Sich einrollen wie ein Embryo – diese Haltung tut jedem gut! Kein Wunder, denn es ist die Haltung, die wir schon im Mutterleib hatten. Für Babys ist es die einzig natürliche Haltung. Erst nach einer Entwicklung, welche 12 Monate andauert, hat die Wirbelsäule ihre gestreckte Haltung erreicht:

  1. Wenn das Kind geboren wird, ist der Rücken noch ganz rund (Totalkyphose). Erst mit ca. 6 Wochen kann das Kind den Kopf selbstständig heben und halten. Die Hals- und Nackenmuskulatur wird stabil. Der Fachbegriff hierfür heißt Halslordose.

  2. Mit ca. 7-10 Monaten lernt es sitzen, als Folge der Kräftigung der Muskeln im Brustwirbelsäulenbereich. Der Fachbegriff hierfür heißt Brustkyphose.

  3. Mit ca. einem Jahr lernt es laufen, nicht zuletzt, weil der Lendenwirbelbereich nun stabilisiert ist. Der Fachbegriff hierfür heißt Lendenlordose.

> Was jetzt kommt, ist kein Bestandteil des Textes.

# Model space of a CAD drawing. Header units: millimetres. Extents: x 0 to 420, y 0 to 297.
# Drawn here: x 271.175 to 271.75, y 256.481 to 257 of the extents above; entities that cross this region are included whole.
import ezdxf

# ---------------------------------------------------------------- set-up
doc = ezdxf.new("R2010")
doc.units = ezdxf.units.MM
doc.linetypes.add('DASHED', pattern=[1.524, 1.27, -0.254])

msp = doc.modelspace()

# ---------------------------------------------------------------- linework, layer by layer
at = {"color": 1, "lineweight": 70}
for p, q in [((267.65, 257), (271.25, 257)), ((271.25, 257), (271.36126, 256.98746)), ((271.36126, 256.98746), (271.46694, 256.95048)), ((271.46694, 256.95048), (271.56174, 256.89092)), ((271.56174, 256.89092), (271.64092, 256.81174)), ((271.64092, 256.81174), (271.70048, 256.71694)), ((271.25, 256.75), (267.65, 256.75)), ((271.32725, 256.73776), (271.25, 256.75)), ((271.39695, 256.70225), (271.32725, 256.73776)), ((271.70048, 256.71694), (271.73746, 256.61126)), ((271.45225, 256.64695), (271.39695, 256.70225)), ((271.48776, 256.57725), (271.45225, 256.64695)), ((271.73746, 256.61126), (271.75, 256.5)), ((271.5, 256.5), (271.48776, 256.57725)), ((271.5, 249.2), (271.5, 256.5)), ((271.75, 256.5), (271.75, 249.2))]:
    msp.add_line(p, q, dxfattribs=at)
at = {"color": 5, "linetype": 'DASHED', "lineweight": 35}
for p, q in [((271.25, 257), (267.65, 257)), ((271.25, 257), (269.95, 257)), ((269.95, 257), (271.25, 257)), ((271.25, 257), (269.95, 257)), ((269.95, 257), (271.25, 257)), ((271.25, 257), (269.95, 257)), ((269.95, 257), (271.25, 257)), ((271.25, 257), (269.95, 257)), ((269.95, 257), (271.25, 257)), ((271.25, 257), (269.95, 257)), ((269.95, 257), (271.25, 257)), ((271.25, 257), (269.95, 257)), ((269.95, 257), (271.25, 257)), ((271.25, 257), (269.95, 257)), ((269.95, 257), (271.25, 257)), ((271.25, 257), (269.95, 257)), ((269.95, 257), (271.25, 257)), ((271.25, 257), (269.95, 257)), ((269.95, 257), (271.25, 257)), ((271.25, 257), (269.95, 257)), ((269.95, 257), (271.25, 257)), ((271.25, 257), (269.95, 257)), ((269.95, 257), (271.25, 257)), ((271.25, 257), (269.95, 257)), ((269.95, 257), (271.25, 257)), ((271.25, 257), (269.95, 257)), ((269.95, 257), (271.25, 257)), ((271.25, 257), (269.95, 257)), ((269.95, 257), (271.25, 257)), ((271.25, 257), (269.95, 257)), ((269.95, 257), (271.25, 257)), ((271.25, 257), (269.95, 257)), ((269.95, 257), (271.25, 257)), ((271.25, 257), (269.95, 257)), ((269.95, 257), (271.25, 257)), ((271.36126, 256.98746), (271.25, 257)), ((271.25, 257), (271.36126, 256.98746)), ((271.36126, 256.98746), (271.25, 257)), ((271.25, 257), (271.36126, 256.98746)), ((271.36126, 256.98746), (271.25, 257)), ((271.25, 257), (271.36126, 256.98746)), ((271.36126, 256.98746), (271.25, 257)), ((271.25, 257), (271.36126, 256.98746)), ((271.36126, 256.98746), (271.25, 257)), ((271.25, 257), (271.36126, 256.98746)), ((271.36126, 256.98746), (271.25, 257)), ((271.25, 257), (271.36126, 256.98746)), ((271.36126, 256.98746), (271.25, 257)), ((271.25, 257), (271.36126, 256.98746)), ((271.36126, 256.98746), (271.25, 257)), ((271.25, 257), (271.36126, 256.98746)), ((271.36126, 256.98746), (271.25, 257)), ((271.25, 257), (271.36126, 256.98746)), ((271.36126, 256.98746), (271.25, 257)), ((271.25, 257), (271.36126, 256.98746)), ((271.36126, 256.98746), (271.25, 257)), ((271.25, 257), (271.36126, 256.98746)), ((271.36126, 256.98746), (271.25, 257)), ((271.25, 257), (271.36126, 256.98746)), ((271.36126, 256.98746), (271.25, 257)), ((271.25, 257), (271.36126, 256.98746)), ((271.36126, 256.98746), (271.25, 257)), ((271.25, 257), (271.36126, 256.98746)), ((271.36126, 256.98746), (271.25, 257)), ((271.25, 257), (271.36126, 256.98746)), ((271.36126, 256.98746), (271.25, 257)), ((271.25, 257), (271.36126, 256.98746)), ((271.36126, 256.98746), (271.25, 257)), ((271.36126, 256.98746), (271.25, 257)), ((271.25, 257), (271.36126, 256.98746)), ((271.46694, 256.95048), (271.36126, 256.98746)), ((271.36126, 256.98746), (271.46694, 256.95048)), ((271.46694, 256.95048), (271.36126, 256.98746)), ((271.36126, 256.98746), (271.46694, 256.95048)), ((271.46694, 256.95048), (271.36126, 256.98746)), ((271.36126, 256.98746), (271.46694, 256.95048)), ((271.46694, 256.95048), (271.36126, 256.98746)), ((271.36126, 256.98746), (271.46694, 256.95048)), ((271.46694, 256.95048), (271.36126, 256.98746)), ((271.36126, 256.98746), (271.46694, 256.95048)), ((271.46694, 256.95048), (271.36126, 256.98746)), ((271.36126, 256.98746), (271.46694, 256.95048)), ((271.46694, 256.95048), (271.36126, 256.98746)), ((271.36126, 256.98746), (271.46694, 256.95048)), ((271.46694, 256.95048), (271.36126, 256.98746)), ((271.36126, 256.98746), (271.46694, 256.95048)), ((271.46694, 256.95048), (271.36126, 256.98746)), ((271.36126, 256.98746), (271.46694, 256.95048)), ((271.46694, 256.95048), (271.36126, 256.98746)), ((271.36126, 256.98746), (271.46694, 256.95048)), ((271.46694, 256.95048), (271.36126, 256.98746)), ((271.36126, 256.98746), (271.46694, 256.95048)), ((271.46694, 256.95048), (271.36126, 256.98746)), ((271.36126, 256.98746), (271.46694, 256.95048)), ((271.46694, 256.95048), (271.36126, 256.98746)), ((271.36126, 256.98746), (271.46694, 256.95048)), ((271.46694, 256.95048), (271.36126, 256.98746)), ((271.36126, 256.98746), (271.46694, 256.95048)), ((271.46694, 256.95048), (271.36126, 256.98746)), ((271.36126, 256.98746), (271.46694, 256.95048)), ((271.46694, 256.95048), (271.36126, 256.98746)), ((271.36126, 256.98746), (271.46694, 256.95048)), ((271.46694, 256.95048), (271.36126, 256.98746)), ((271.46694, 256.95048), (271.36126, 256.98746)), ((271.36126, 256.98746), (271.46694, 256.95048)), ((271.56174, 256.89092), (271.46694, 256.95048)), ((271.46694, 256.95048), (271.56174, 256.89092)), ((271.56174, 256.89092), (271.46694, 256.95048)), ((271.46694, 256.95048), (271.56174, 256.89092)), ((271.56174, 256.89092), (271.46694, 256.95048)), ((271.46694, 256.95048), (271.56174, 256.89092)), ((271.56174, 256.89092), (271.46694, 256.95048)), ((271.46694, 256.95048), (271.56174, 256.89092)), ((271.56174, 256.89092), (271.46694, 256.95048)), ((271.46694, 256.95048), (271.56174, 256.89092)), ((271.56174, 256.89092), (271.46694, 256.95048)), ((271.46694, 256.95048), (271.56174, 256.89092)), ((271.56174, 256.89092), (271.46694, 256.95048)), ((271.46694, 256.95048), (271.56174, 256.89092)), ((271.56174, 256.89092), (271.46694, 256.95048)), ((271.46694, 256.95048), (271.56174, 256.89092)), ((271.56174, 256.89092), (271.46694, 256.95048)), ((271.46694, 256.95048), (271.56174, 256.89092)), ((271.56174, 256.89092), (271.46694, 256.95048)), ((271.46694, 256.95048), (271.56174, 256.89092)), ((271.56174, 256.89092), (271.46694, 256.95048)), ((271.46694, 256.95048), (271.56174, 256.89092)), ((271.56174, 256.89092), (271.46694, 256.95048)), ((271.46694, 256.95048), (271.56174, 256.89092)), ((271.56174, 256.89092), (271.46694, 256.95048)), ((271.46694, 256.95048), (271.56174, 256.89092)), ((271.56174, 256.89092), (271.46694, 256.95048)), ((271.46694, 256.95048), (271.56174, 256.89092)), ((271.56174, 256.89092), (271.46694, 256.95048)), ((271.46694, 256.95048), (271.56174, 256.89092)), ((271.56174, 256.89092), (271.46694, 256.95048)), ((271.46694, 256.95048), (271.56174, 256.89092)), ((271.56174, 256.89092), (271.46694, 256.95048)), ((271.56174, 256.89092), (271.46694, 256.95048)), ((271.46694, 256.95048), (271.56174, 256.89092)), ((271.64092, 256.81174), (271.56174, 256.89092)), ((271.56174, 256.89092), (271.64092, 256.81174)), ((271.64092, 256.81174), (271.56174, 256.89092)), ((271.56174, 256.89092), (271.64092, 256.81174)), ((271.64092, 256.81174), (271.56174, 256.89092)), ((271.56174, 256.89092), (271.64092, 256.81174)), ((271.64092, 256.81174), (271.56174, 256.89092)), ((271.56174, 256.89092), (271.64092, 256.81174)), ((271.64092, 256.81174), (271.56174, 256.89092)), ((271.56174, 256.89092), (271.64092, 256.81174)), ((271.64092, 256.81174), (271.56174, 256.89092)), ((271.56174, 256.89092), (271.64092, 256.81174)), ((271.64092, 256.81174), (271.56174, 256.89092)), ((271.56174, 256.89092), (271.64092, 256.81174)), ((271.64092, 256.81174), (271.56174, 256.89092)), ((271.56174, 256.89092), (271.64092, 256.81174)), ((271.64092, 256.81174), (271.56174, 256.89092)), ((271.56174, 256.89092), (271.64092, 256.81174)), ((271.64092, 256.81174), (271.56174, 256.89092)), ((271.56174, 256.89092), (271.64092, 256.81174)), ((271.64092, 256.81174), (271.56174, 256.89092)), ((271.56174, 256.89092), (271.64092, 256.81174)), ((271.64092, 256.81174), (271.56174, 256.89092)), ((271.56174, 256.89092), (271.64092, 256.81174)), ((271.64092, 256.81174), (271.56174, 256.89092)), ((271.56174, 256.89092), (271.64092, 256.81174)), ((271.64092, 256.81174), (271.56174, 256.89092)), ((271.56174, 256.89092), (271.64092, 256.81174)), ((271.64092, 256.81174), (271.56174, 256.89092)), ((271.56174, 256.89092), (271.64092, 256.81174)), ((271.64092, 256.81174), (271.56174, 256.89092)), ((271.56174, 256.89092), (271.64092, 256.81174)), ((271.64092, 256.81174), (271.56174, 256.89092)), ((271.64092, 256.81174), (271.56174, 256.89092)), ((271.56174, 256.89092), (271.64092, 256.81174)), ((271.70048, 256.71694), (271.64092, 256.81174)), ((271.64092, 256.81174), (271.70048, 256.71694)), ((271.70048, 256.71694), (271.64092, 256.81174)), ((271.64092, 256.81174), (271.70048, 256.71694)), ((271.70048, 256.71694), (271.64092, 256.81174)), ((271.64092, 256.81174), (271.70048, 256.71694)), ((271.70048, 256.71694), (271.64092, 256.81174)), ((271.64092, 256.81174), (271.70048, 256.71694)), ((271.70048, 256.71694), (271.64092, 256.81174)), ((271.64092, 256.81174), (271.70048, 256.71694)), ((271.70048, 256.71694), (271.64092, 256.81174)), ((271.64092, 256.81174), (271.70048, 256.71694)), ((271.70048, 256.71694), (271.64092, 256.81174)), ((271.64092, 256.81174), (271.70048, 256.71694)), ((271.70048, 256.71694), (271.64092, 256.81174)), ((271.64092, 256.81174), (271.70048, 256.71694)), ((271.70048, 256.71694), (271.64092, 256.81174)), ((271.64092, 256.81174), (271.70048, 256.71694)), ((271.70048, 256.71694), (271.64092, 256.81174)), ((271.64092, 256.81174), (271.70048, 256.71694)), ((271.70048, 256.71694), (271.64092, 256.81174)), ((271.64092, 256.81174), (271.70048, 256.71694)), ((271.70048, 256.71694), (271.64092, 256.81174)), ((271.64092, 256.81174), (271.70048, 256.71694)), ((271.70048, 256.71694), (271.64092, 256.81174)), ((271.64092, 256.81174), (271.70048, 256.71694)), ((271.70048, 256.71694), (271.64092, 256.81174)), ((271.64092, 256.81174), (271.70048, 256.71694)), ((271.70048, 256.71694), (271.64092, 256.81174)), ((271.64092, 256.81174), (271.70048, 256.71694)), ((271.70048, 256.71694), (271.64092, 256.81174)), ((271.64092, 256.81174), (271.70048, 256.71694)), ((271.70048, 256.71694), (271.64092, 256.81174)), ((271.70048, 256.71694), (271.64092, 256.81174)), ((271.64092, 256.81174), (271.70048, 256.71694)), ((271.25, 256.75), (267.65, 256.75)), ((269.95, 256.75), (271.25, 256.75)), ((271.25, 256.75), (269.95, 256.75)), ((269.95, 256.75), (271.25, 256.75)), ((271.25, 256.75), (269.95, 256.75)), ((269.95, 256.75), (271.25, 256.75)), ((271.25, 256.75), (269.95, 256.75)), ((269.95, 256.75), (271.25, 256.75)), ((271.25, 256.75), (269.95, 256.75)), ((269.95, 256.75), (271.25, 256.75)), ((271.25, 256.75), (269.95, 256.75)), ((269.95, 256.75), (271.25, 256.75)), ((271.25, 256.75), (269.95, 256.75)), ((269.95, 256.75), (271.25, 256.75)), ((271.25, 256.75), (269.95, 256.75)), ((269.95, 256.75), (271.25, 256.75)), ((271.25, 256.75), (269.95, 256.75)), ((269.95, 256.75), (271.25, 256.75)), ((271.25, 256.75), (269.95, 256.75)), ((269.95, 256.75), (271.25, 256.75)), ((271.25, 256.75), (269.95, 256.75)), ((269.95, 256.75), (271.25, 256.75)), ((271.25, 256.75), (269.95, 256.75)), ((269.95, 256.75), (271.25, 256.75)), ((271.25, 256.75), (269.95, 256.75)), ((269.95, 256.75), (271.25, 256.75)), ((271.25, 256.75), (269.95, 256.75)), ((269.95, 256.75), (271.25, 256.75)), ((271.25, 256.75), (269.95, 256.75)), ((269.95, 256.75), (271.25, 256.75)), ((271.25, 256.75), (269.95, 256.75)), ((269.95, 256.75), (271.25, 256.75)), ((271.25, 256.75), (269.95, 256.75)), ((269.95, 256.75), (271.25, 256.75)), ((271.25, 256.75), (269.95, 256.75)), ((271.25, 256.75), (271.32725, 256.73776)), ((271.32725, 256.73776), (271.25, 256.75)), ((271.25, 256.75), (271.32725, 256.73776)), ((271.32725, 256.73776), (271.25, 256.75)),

Das Baby ist in den ersten Monaten noch rund und sollte auch so gehalten werden. Von vielen Kindern wird daher die Rückenlage im Kinderbettchen und Kinderwagen als nicht sehr angenehm empfunden. Im Wachzustand zieht jeder Säugling automatisch die Beinchen an und spreizt diese ein wenig.
In dieser Haltung sollte das Kind auch getragen werden.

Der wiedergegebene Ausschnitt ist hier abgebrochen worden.